Native plants have an important role to play in modern landscaping.  Arguments that are made in favor of native plants include lower maintenance, regional uniqueness, biological diversity, and wildlife habitat.  One theory holds that native plants are easier to care for because they have evolved in a place over many years, developing resistance to climatic extremes, insect feeding, disease pathogens and other stresses of the local environment for which non-native plants may not be prepared.  This may be true in some cases; however, it is important to note that native plants placed under stressful conditions fare no better than exotic ones if the plant is not carefully matched to the site.  Some exotic plants actually perform better and require less maintenance because of the qualities they were selected for, and because their insect predators and disease pathogens are frequently not imported with them. 

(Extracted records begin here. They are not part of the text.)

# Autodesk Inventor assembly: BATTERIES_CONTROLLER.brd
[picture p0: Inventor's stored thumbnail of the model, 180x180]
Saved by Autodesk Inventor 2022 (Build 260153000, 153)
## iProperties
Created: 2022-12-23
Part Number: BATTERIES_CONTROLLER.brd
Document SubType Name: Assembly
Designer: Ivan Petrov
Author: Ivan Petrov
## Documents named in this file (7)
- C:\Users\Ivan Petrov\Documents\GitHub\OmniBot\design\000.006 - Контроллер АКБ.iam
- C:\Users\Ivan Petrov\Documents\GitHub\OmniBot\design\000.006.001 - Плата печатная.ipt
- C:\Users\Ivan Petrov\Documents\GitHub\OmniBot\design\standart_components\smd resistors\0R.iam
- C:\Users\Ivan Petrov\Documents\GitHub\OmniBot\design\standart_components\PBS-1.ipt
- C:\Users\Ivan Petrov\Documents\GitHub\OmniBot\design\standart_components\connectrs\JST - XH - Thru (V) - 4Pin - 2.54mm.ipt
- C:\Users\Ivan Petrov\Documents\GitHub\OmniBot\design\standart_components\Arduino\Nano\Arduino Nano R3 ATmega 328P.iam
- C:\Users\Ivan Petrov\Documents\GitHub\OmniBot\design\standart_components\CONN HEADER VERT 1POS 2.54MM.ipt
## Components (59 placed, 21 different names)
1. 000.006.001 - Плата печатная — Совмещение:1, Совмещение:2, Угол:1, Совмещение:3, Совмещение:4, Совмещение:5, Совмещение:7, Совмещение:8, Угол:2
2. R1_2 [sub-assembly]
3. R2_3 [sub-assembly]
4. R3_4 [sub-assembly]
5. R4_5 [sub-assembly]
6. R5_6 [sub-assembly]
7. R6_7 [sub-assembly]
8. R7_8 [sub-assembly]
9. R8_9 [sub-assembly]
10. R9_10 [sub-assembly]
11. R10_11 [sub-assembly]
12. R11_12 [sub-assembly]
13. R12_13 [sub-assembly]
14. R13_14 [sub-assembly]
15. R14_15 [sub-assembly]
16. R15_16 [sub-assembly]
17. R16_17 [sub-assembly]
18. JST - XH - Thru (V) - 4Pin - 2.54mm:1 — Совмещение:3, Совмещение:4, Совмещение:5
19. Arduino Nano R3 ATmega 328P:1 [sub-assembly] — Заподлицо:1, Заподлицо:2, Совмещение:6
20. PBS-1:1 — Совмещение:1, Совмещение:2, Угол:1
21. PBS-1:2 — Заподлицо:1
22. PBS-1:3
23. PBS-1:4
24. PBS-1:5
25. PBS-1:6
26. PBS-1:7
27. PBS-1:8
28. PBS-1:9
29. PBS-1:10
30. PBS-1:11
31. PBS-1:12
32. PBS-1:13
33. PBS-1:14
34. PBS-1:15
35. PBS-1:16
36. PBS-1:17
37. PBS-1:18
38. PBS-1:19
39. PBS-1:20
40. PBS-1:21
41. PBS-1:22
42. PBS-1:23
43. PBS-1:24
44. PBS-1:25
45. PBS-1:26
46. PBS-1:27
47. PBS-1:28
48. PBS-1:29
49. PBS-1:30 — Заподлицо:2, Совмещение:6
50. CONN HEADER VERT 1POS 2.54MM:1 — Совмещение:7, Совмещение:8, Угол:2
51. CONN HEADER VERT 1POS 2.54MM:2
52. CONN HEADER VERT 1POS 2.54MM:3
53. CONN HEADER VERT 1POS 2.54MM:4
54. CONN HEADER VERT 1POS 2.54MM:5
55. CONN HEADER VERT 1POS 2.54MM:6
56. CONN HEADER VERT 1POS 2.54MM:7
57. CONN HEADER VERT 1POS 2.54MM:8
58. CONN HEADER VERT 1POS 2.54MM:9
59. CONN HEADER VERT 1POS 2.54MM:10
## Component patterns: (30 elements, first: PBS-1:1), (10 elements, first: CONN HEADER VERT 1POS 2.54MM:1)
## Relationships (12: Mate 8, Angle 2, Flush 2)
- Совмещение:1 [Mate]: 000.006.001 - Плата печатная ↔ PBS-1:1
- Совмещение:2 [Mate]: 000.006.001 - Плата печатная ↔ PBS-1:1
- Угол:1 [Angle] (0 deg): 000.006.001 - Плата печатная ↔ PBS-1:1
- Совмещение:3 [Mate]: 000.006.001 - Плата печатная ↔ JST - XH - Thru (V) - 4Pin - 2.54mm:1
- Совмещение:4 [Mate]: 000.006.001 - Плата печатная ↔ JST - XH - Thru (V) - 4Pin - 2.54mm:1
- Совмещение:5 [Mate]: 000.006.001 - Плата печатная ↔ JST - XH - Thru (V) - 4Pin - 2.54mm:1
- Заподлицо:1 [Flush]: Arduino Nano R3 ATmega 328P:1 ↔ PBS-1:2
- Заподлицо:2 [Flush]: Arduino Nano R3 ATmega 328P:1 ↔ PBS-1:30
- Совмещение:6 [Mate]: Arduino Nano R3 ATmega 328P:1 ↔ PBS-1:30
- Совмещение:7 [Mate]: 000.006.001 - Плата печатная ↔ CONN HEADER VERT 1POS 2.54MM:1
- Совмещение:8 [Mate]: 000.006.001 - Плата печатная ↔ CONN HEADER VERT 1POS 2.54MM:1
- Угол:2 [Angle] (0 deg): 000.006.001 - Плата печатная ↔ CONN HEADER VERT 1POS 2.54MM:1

Another factor to consider is the interaction of native plants with the “built up”, urban or suburban non-native environment.  In an urban setting, for example, there is no planting site that approximates what would have been there prior to urbanization.  The original landscape in both cities and suburbs often has been changed so completely that the microclimate, soil type, soil hydrology, and insect populations no longer are what they were when the native plants of the area evolved.  To put a native tree, for example, in a median strip planting on a downtown street because it is native to the surrounding countryside would be foolish unless the tree is known to tolerate the heat of the asphalt, car exhaust, salt from the snowplows, a limited root zone, intermittent flooding, and periodic drought.


If native plants are used simply because they are native, without proper regard to site conditions, the results may be insufficient.  The most critical issue is not native plants versus exotic plants - it is appropriate versus inappropriate plant selection, given the constraints and opportunities of the site.  The more closely a plant's characteristics match the site's characteristics, the better chance for the plant’s survival and vigor.  If a native plant meets those requirements, by all means use that plant.


While we can and should strive to use plants long found in our region, perhaps the term native plants should be used with some modesty.  Using diverse plantings will create beauty and prevent the susceptibility to disease that can come from large scale single-species plantings, avoiding disasters such as that of the American elm in the mid-twentieth century.


In the quest for a diverse, healthy landscape, which may be a mix of native and exotic species, references are available both to help find the right plant and to avoid the trouble makers.  A little research before selecting plants can save time, money, and aggravation.  Or, you can consult with someone like me.  Reference guides may warn that a plant is invasive under certain circumstances, but they may not, and nursery catalogs frequently won't.  Phrases like "a very vigorous grower" can be euphemisms for potential invasiveness.  Don’t be fooled.  Treat such phrases as red flags.  Be sure to look in more than one plant reference to gather more than one perspective on any species you have in mind, especially if you suspect it may be invasive.  After invasive potential is ruled out, the physical limitations and possibilities of the site should be the first and most important consideration in the exciting process of selecting new plants for our landscapes.